Petitioner also assails that he is better qualified for the position.


It should be noted, however, that Ang Tan Chai was promoted
to the position during the middle part of 1988 or before the
abolition of petitioner's position in early 1989. Besides the fact
that Ang Tan Chai's promotion thereto is a settled matter, it has
been consistently held that an objection founded on the ground
that one has better credentials over the appointee is frowned
upon so long as the latter possesses the minimum
qualifications for the position. In the case at bar, since
petitioner does not allege that Ang Tan Chai does not qualify
for the position, the Court cannot substitute its discretion and
judgment for that which is clearly and exclusively management
prerogative.

It is a well-settled rule that labor laws do not authorize


interference with the employer's judgment in the conduct of his
business.
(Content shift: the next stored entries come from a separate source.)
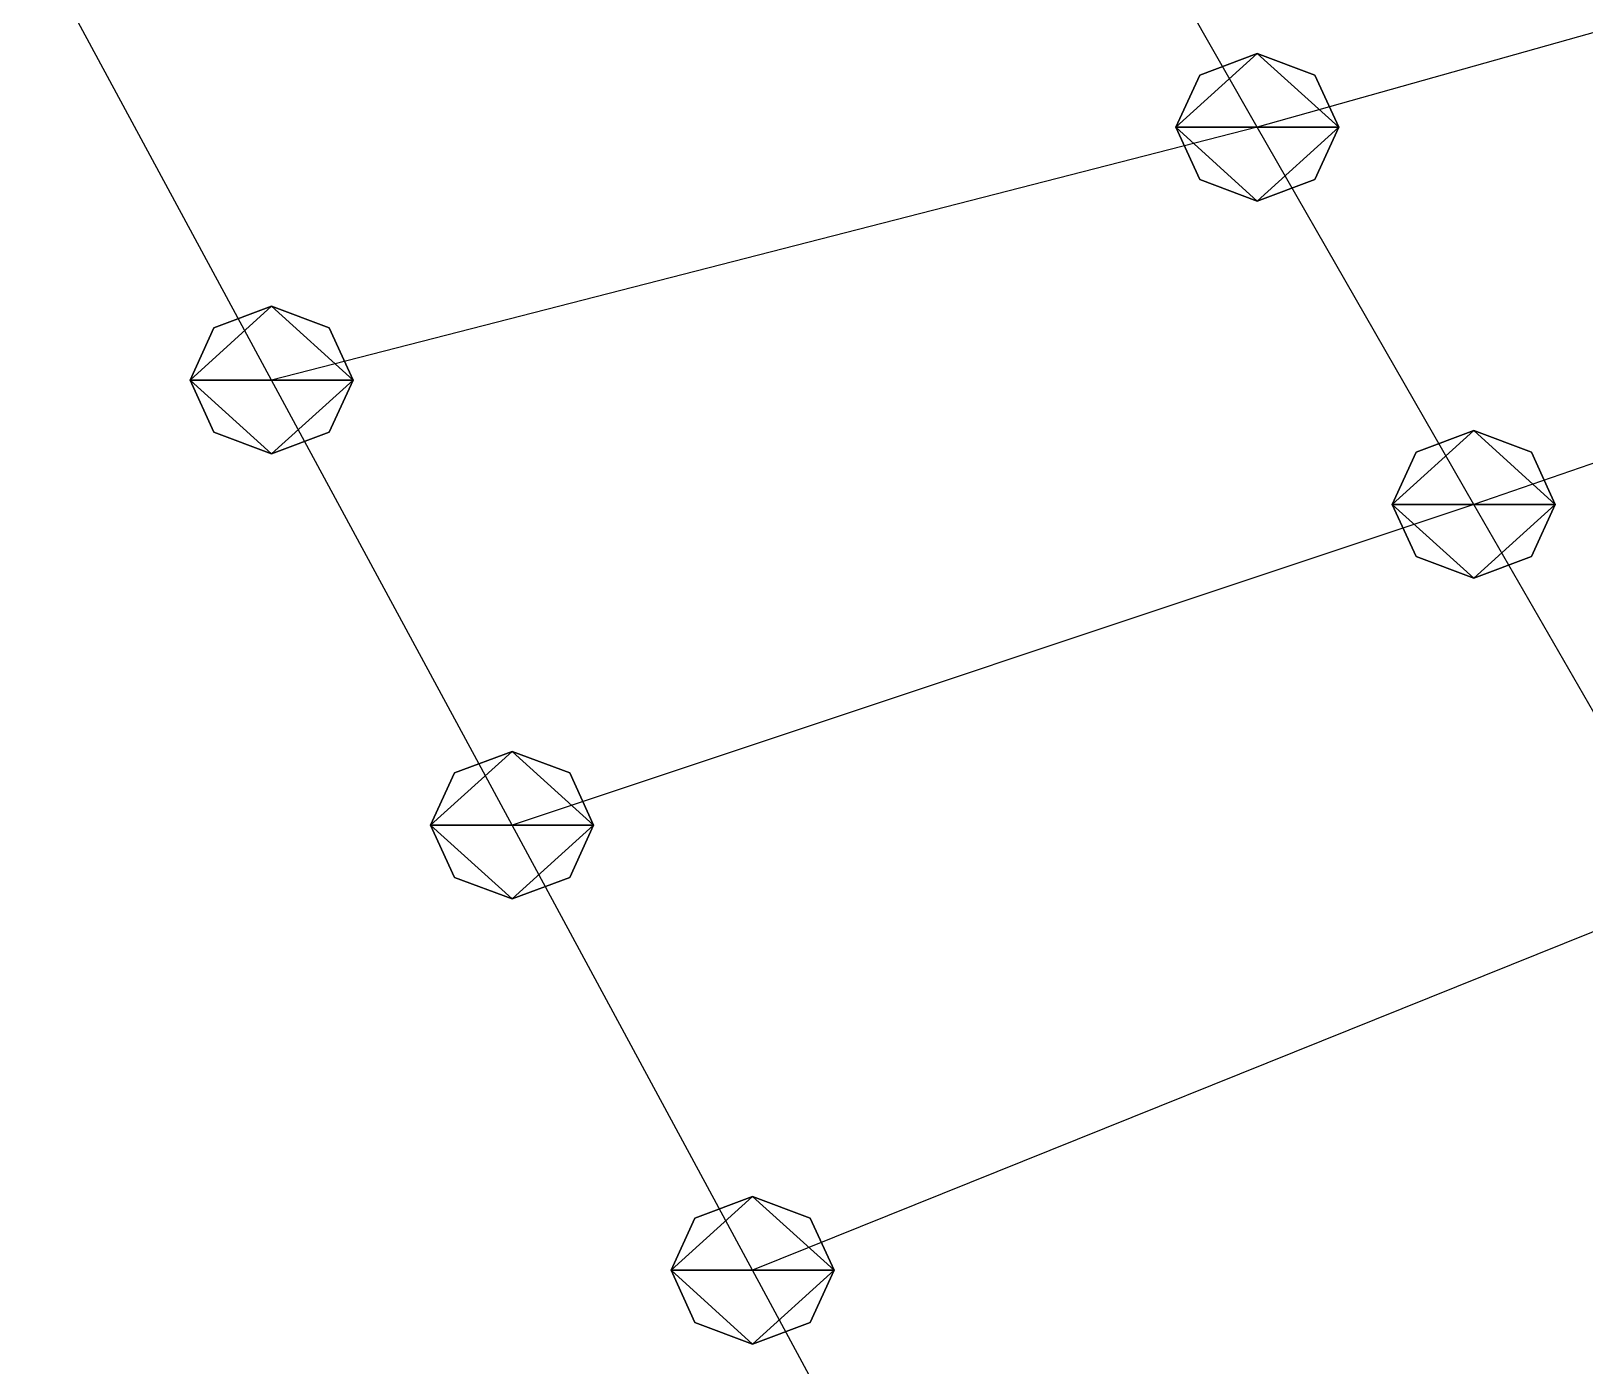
# Model space of a CAD drawing. Header units: metres. Extents: x -75 to 75, y -50 to 48.
# Drawn here: x -68.33 to -49.26, y -22.47 to -6.08 of the extents above; entities that cross this region are included whole.
import ezdxf

# ---------------------------------------------------------------- set-up
doc = ezdxf.new("R2010")
doc.units = ezdxf.units.M

msp = doc.modelspace()

# ---------------------------------------------------------------- linework, layer by layer
for p, q in [((-53.28535, -7.2626953, -217.3912), (-55.780933, -2.8836212, -215.75769)), ((-41.349464, -3.906578, -214.45413), (-53.28535, -7.2626953, -217.3912)), ((-65.38261, -10.3670845, -220.2545), (-68.33421, -4.9017105, -218.02342)), ((-53.28535, -6.356383, -217.81381), (-53.99246, -6.6218357, -217.69003)), ((-53.28535, -6.356383, -217.81381), (-53.99246, -6.6218357, -217.69003)), ((-53.28535, -6.356383, -217.81381), (-53.99246, -6.6218357, -217.69003)), ((-53.28535, -6.356383, -217.81381), (-53.99246, -6.6218357, -217.69003)), ((-52.578243, -6.6218357, -217.69003), (-53.28535, -6.356383, -217.81381)), ((-52.578243, -6.6218357, -217.69003), (-53.28535, -6.356383, -217.81381)), ((-52.578243, -6.6218357, -217.69003), (-53.28535, -6.356383, -217.81381)), ((-52.578243, -6.6218357, -217.69003), (-53.28535, -6.356383, -217.81381)), ((-53.99246, -6.6218357, -217.69003), (-54.28535, -7.2626953, -217.3912)), ((-53.99246, -6.6218357, -217.69003), (-54.28535, -7.2626953, -217.3912)), ((-53.99246, -6.6218357, -217.69003), (-54.28535, -7.2626953, -217.3912)), ((-53.99246, -6.6218357, -217.69003), (-54.28535, -7.2626953, -217.3912)), ((-52.28535, -7.2626953, -217.3912), (-52.578243, -6.6218357, -217.69003)), ((-52.28535, -7.2626953, -217.3912), (-52.578243, -6.6218357, -217.69003)), ((-52.28535, -7.2626953, -217.3912), (-52.578243, -6.6218357, -217.69003)), ((-52.28535, -7.2626953, -217.3912), (-52.578243, -6.6218357, -217.69003)), ((-53.28535, -7.2626953, -217.3912), (-65.38261, -10.3670845, -220.2545)), ((-54.28535, -7.2626953, -217.3912), (-53.99246, -7.903555, -217.09238)), ((-54.28535, -7.2626953, -217.3912), (-53.99246, -7.903555, -217.09238)), ((-54.28535, -7.2626953, -217.3912), (-53.99246, -7.903555, -217.09238)), ((-54.28535, -7.2626953, -217.3912), (-53.99246, -7.903555, -217.09238)), ((-50.62865, -11.893513, -219.09747), (-53.28535, -7.2626953, -217.3912)), ((-52.578243, -7.903555, -217.09238), (-52.28535, -7.2626953, -217.3912)), ((-52.578243, -7.903555, -217.09238), (-52.28535, -7.2626953, -217.3912)), ((-52.578243, -7.903555, -217.09238), (-52.28535, -7.2626953, -217.3912)), ((-52.578243, -7.903555, -217.09238), (-52.28535, -7.2626953, -217.3912)), ((-53.99246, -7.903555, -217.09238), (-53.28535, -8.169008, -216.9686)), ((-53.99246, -7.903555, -217.09238), (-53.28535, -8.169008, -216.9686)), ((-53.99246, -7.903555, -217.09238), (-53.28535, -8.169008, -216.9686)), ((-53.99246, -7.903555, -217.09238), (-53.28535, -8.169008, -216.9686)), ((-53.28535, -8.169008, -216.9686), (-52.578243, -7.903555, -217.09238)), ((-53.28535, -8.169008, -216.9686), (-52.578243, -7.903555, -217.09238)), ((-53.28535, -8.169008, -216.9686), (-52.578243, -7.903555, -217.09238)), ((-53.28535, -8.169008, -216.9686), (-52.578243, -7.903555, -217.09238)), ((-38.897255, -7.847496, -215.68001), (-50.62865, -11.893513, -219.09747)), ((-65.38261, -9.460772, -220.67711), (-66.089714, -9.726225, -220.55333)), ((-65.38261, -9.460772, -220.67711), (-66.089714, -9.726225, -220.55333)), ((-65.38261, -9.460772, -220.67711), (-66.089714, -9.726225, -220.55333)), ((-64.6755, -9.726225, -220.55333), (-65.38261, -9.460772, -220.67711)), ((-64.6755, -9.726225, -220.55333), (-65.38261, -9.460772, -220.67711)), ((-64.6755, -9.726225, -220.55333), (-65.38261, -9.460772, -220.67711)), ((-66.089714, -9.726225, -220.55333), (-66.38261, -10.3670845, -220.2545)), ((-66.089714, -9.726225, -220.55333), (-66.38261, -10.3670845, -220.2545)), ((-66.089714, -9.726225, -220.55333), (-66.38261, -10.3670845, -220.2545)), ((-64.38261, -10.3670845, -220.2545), (-64.6755, -9.726225, -220.55333)), ((-64.38261, -10.3670845, -220.2545), (-64.6755, -9.726225, -220.55333)), ((-64.38261, -10.3670845, -220.2545), (-64.6755, -9.726225, -220.55333)), ((-66.38261, -10.3670845, -220.2545), (-66.089714, -11.007944, -219.95567)), ((-66.38261, -10.3670845, -220.2545), (-66.089714, -11.007944, -219.95567)), ((-66.38261, -10.3670845, -220.2545), (-66.089714, -11.007944, -219.95567)), ((-62.430992, -15.8324585, -222.48558), (-65.38261, -10.3670845, -220.2545)), ((-64.6755, -11.007944, -219.95567), (-64.38261, -10.3670845, -220.2545)), ((-64.6755, -11.007944, -219.95567), (-64.38261, -10.3670845, -220.2545)), ((-64.6755, -11.007944, -219.95567), (-64.38261, -10.3670845, -220.2545)), ((-66.089714, -11.007944, -219.95567), (-65.38261, -11.273397, -219.8319)), ((-66.089714, -11.007944, -219.95567), (-65.38261, -11.273397, -219.8319)), ((-66.089714, -11.007944, -219.95567), (-65.38261, -11.273397, -219.8319)), ((-65.38261, -11.273397, -219.8319), (-64.6755, -11.007944, -219.95567)), ((-65.38261, -11.273397, -219.8319), (-64.6755, -11.007944, -219.95567)), ((-65.38261, -11.273397, -219.8319), (-64.6755, -11.007944, -219.95567)), ((-50.62865, -10.9872, -219.52008), (-51.33576, -11.252653, -219.3963)), ((-50.62865, -10.9872, -219.52008), (-51.33576, -11.252653, -219.3963)), ((-50.62865, -10.9872, -219.52008), (-51.33576, -11.252653, -219.3963)), ((-50.62865, -10.9872, -219.52008), (-51.33576, -11.252653, -219.3963)), ((-49.921543, -11.252653, -219.3963), (-50.62865, -10.9872, -219.52008)), ((-49.921543, -11.252653, -219.3963), (-50.62865, -10.9872, -219.52008)), ((-49.921543, -11.252653, -219.3963), (-50.62865, -10.9872, -219.52008)), ((-49.921543, -11.252653, -219.3963), (-50.62865, -10.9872, -219.52008)), ((-51.33576, -11.252653, -219.3963), (-51.62865, -11.893513, -219.09747)), ((-51.33576, -11.252653, -219.3963), (-51.62865, -11.893513, -219.09747)), ((-51.33576, -11.252653, -219.3963), (-51.62865, -11.893513, -219.09747)), ((-51.33576, -11.252653, -219.3963), (-51.62865, -11.893513, -219.09747)), ((-49.62865, -11.893513, -219.09747), (-49.921543, -11.252653, -219.3963)), ((-49.62865, -11.893513, -219.09747), (-49.921543, -11.252653, -219.3963)), ((-49.62865, -11.893513, -219.09747), (-49.921543, -11.252653, -219.3963)), ((-49.62865, -11.893513, -219.09747), (-49.921543, -11.252653, -219.3963)), ((-50.62865, -11.893513, -219.09747), (-62.430992, -15.8324585, -222.48558)), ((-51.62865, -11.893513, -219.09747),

The determination of the qualification and fitness of
workers for hiring and firing, promotion or reassignment are
exclusive prerogatives of management. The Labor Code and
its implementing Rules do not vest in the Labor Arbiters nor in
the different Divisions of the NLRC (nor in the courts)
managerial authority. The employer is free to determine, using
his own discretion and business judgment, all elements of
employment, "from hiring to firing" except in cases of unlawful
discrimination or those which may be provided by law.